Deploying apps that treat code as data
-
In short, I am quite against letting go of these restrictions. I think their benefit is huge. I know it makes it a pain to package some apps, but I still think it's worth it.
As for more specific points:
@girish said in Deploying apps that treat code as data:
Latest versions of node don't allow symlinking node_modules anymore
Do you have a source on this ? I am very surprised, as a lot of nodejs utilities use symlinks in node_modules, things like Lerna (https://lerna.js.org/), or even native
npm link
.@girish said in Deploying apps that treat code as data:
Koel wants to write to public directory to storage cover art. This is also the folder that contains all the js/css/webpack output! It also has code accessing things via relative paths. So, symlinking public to writable portion doesn't work.
You could do it the other way around :
- in Dockerfile, rename de folder
/app/code/public2
- create a symlink from
/app/code/public
to/app/data/public
- in start.sh create
/app/data/public
, and inside it create symlinks to everything in/app/code/public2
A bit hacky, but it should work I think
- in Dockerfile, rename de folder
-
@girish It may also be useful to have this concept available as a Tut/Writeup in the docs which you can link/send to upstream app devs to think about their app arch and adjust it for x, y, z benefits and easier inclusion into the Cloudron ecosystem.

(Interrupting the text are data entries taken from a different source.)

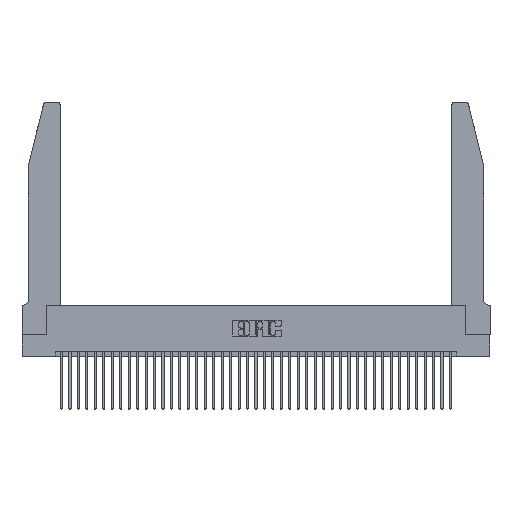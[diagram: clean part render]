
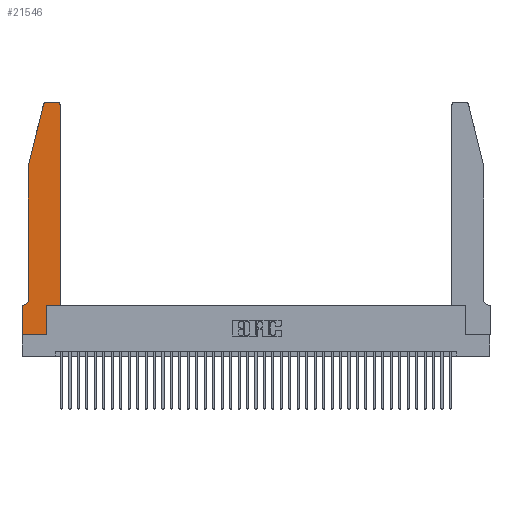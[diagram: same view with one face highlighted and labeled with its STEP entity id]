
A CAD part, top view. The second image highlights one B-rep face of the part: STEP entity #21546.
In plain terms, the highlighted planar face has unit normal (0, 0, 1).
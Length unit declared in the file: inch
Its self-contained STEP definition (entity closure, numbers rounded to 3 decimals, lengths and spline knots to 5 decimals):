
#468 = DIRECTION ( 'NONE',  ( 0., 0., 1. ) ) ;
#847 = VERTEX_POINT ( 'NONE', #24263 ) ;
#993 = LINE ( 'NONE', #21141, #33698 ) ;
#1297 = DIRECTION ( 'NONE',  ( 0., 1., 0. ) ) ;
#3112 = LINE ( 'NONE', #11796, #35738 ) ;
#4081 = DIRECTION ( 'NONE',  ( 0., 0., -1. ) ) ;
#4283 = EDGE_CURVE ( 'NONE', #35122, #27363, #38050, .T. ) ;
#4512 = CARTESIAN_POINT ( 'NONE',  ( 0.0055, 0.42, 0.37 ) ) ;
#5658 = AXIS2_PLACEMENT_3D ( 'NONE', #28038, #21781, #30064 ) ;
#5723 = ORIENTED_EDGE ( 'NONE', *, *, #23978, .T. ) ;
#6005 = LINE ( 'NONE', #34226, #21317 ) ;
#6965 = DIRECTION ( 'NONE',  ( -1., 0., 0. ) ) ;
#7235 = ORIENTED_EDGE ( 'NONE', *, *, #35168, .T. ) ;
#7541 = CARTESIAN_POINT ( 'NONE',  ( 0.0755, 2., 0.37 ) ) ;
#7712 = ORIENTED_EDGE ( 'NONE', *, *, #31798, .T. ) ;
#7853 = VECTOR ( 'NONE', #34647, 39.37008 ) ;
#7983 = VERTEX_POINT ( 'NONE', #21681 ) ;
#8258 = VECTOR ( 'NONE', #25917, 39.37008 ) ;
#8793 = AXIS2_PLACEMENT_3D ( 'NONE', #4512, #4081, #19947 ) ;
#9405 = ORIENTED_EDGE ( 'NONE', *, *, #33952, .T. ) ;
#10871 = CARTESIAN_POINT ( 'NONE',  ( 0., 0., 0.37 ) ) ;
#10996 = DIRECTION ( 'NONE',  ( 0., -1., 0. ) ) ;
#11796 = CARTESIAN_POINT ( 'NONE',  ( 0.4505, 0.35, 0.37 ) ) ;
#12164 = EDGE_CURVE ( 'NONE', #7983, #22448, #25707, .T. ) ;
#12412 = CARTESIAN_POINT ( 'NONE',  ( 0.4505, 0.35, 0.37 ) ) ;
#13587 = VERTEX_POINT ( 'NONE', #20310 ) ;
#14184 = ORIENTED_EDGE ( 'NONE', *, *, #33719, .T. ) ;
#15292 = LINE ( 'NONE', #10871, #36047 ) ;
#15322 = VECTOR ( 'NONE', #6965, 39.37008 ) ;
#15895 = ORIENTED_EDGE ( 'NONE', *, *, #32197, .T. ) ;
#17658 = VERTEX_POINT ( 'NONE', #35105 ) ;
#18157 = CARTESIAN_POINT ( 'NONE',  ( 0., 0., 0.37 ) ) ;
#18300 = DIRECTION ( 'NONE',  ( 0., -1., 0. ) ) ;
#18312 = DIRECTION ( 'NONE',  ( 1., 0., 0. ) ) ;
#18645 = PLANE ( 'NONE',  #5658 ) ;
#19301 = CARTESIAN_POINT ( 'NONE',  ( 0.0755, 0.35, 0.37 ) ) ;
#19486 = ORIENTED_EDGE ( 'NONE', *, *, #12164, .T. ) ;
#19947 = DIRECTION ( 'NONE',  ( -1., 0., 0. ) ) ;
#20113 = VERTEX_POINT ( 'NONE', #26144 ) ;
#20310 = CARTESIAN_POINT ( 'NONE',  ( 0.25487, 2.72718, 0.37 ) ) ;
#21141 = CARTESIAN_POINT ( 'NONE',  ( 0.0755, 2., 0.37 ) ) ;
#21156 = VECTOR ( 'NONE', #1297, 39.37008 ) ;
#21317 = VECTOR ( 'NONE', #18300, 39.37008 ) ;
#21546 = ADVANCED_FACE ( 'NONE', ( #27214 ), #18645, .T. ) ;
#21681 = CARTESIAN_POINT ( 'NONE',  ( 0., 0., 0.37 ) ) ;
#21781 = DIRECTION ( 'NONE',  ( 0., 0., 1. ) ) ;
#21871 = ORIENTED_EDGE ( 'NONE', *, *, #38631, .T. ) ;
#22141 = EDGE_LOOP ( 'NONE', ( #7235, #5723, #21871, #28308, #15895, #14184, #32435, #19486, #9405, #33359, #7712, #33434 ) ) ;
#22448 = VERTEX_POINT ( 'NONE', #25085 ) ;
#22593 = DIRECTION ( 'NONE',  ( 1., 0., 0. ) ) ;
#22861 = CARTESIAN_POINT ( 'NONE',  ( 0., 0.35, 0.37 ) ) ;
#23382 = CARTESIAN_POINT ( 'NONE',  ( 0.2865, 0.35, 0.37 ) ) ;
#23978 = EDGE_CURVE ( 'NONE', #847, #13587, #25110, .T. ) ;
#24109 = LINE ( 'NONE', #23382, #21156 ) ;
#24263 = CARTESIAN_POINT ( 'NONE',  ( 0.284, 2.75, 0.37 ) ) ;
#24380 = CARTESIAN_POINT ( 'NONE',  ( 0.4205, 2.75, 0.37 ) ) ;
#25085 = CARTESIAN_POINT ( 'NONE',  ( 0.2865, 0., 0.37 ) ) ;
#25110 = CIRCLE ( 'NONE', #32698, 0.03 ) ;
#25642 = CARTESIAN_POINT ( 'NONE',  ( 0.284, 2.72, 0.37 ) ) ;
#25707 = LINE ( 'NONE', #18157, #32637 ) ;
#25780 = CARTESIAN_POINT ( 'NONE',  ( 0.2605, 2.75, 0.37 ) ) ;
#25813 = VERTEX_POINT ( 'NONE', #22861 ) ;
#25917 = DIRECTION ( 'NONE',  ( -1., 0., 0. ) ) ;
#26144 = CARTESIAN_POINT ( 'NONE',  ( 0.0755, 0.42, 0.37 ) ) ;
#26987 = VERTEX_POINT ( 'NONE', #7541 ) ;
#27129 = CARTESIAN_POINT ( 'NONE',  ( 0.0055, 0.35, 0.37 ) ) ;
#27214 = FACE_OUTER_BOUND ( 'NONE', #22141, .T. ) ;
#27363 = VERTEX_POINT ( 'NONE', #24380 ) ;
#28038 = CARTESIAN_POINT ( 'NONE',  ( 0., 0.35, 0.37 ) ) ;
#28308 = ORIENTED_EDGE ( 'NONE', *, *, #32264, .T. ) ;
#28720 = CIRCLE ( 'NONE', #8793, 0.07 ) ;
#29598 = LINE ( 'NONE', #19301, #15322 ) ;
#30064 = DIRECTION ( 'NONE',  ( 1., 0., 0. ) ) ;
#30709 = DIRECTION ( 'NONE',  ( 1., 0., 0. ) ) ;
#30829 = DIRECTION ( 'NONE',  ( 0., 1., 0. ) ) ;
#31798 = EDGE_CURVE ( 'NONE', #39997, #35122, #3112, .T. ) ;
#32197 = EDGE_CURVE ( 'NONE', #20113, #34096, #28720, .T. ) ;
#32264 = EDGE_CURVE ( 'NONE', #26987, #20113, #6005, .T. ) ;
#32435 = ORIENTED_EDGE ( 'NONE', *, *, #40978, .T. ) ;
#32454 = CARTESIAN_POINT ( 'NONE',  ( 0.4505, 2.72, 0.37 ) ) ;
#32637 = VECTOR ( 'NONE', #30709, 39.37008 ) ;
#32698 = AXIS2_PLACEMENT_3D ( 'NONE', #25642, #468, #22593 ) ;
#33359 = ORIENTED_EDGE ( 'NONE', *, *, #34317, .T. ) ;
#33410 = DIRECTION ( 'NONE',  ( 0., 0., 1. ) ) ;
#33434 = ORIENTED_EDGE ( 'NONE', *, *, #4283, .T. ) ;
#33698 = VECTOR ( 'NONE', #38297, 39.37008 ) ;
#33719 = EDGE_CURVE ( 'NONE', #34096, #25813, #29598, .T. ) ;
#33952 = EDGE_CURVE ( 'NONE', #22448, #17658, #24109, .T. ) ;
#34096 = VERTEX_POINT ( 'NONE', #27129 ) ;
#34226 = CARTESIAN_POINT ( 'NONE',  ( 0.0755, 2., 0.37 ) ) ;
#34317 = EDGE_CURVE ( 'NONE', #17658, #39997, #39554, .T. ) ;
#34320 = AXIS2_PLACEMENT_3D ( 'NONE', #36291, #33410, #18312 ) ;
#34647 = DIRECTION ( 'NONE',  ( 1., 0., 0. ) ) ;
#35105 = CARTESIAN_POINT ( 'NONE',  ( 0.2865, 0.35, 0.37 ) ) ;
#35122 = VERTEX_POINT ( 'NONE', #32454 ) ;
#35168 = EDGE_CURVE ( 'NONE', #27363, #847, #38499, .T. ) ;
#35738 = VECTOR ( 'NONE', #30829, 39.37008 ) ;
#36047 = VECTOR ( 'NONE', #10996, 39.37008 ) ;
#36291 = CARTESIAN_POINT ( 'NONE',  ( 0.4205, 2.72, 0.37 ) ) ;
#38050 = CIRCLE ( 'NONE', #34320, 0.03 ) ;
#38297 = DIRECTION ( 'NONE',  ( -0.239, -0.971, 0. ) ) ;
#38499 = LINE ( 'NONE', #25780, #8258 ) ;
#38631 = EDGE_CURVE ( 'NONE', #13587, #26987, #993, .T. ) ;
#39554 = LINE ( 'NONE', #12412, #7853 ) ;
#39997 = VERTEX_POINT ( 'NONE', #40196 ) ;
#40196 = CARTESIAN_POINT ( 'NONE',  ( 0.4505, 0.35, 0.37 ) ) ;
#40978 = EDGE_CURVE ( 'NONE', #25813, #7983, #15292, .T. ) ;

If they ignore it, we have workarounds.
If they take it and make it, we all win -
My initial thought was along the lines of @robi's latest comment: as a first step lets have some good posts espousing the benefits of RW^X in app container directories and describe the pitfalls of letting everything devolve into a giant mess.
Ideally the first thing you do when you find an app that treats its code frivolously is link the authors to posts that describe why what they're doing is a Bad Idea (tm) and how the problem they're trying to solve with this crazy code-as-data strategy can be solved more sanely. (Obviously you'll want to be somewhat more respectful than this when opening a random issue on someone's free project lol, but really guys... don't do this.)
As far as the initial question where we attempt to proceed assuming we can't tame the app's behavior, maybe a "messy mode" for apps where backups include more directories than just /data. Backups would be much larger. Images maybe couldn't be based on the cloudron base image. Updates would become very messy (maybe just overwrite files with ones from the new image?). At that point I'm not sure if it would be sustainable to officially support such apps at all, they might require a white glove support for individual installations.
-
@mehdi said in Deploying apps that treat code as data:
@girish said in Deploying apps that treat code as data:
Latest versions of node don't allow symlinking node_modules anymore
Do you have a source on this ? I am very surprised, as a lot of nodejs utilities use symlinks in node_modules, things like Lerna (https://lerna.js.org/), or even native npm link.
Yes, see https://github.com/npm/cli/issues/3669 and (related) https://github.com/nodejs/node/issues/22922 . We symlink node_modules in the nodebb app which doesn't work anymore because of this. Not 100% sure but I think npm link creates symlinks inside node_modules which is different from this one where node_modules itself is symlinked.
-
Probably a possible solution is to allow multiple Volumes to be mounted to the container, so there is no need for a syslink, and is still easy to backup, the backup script knows which volume to backup for each container.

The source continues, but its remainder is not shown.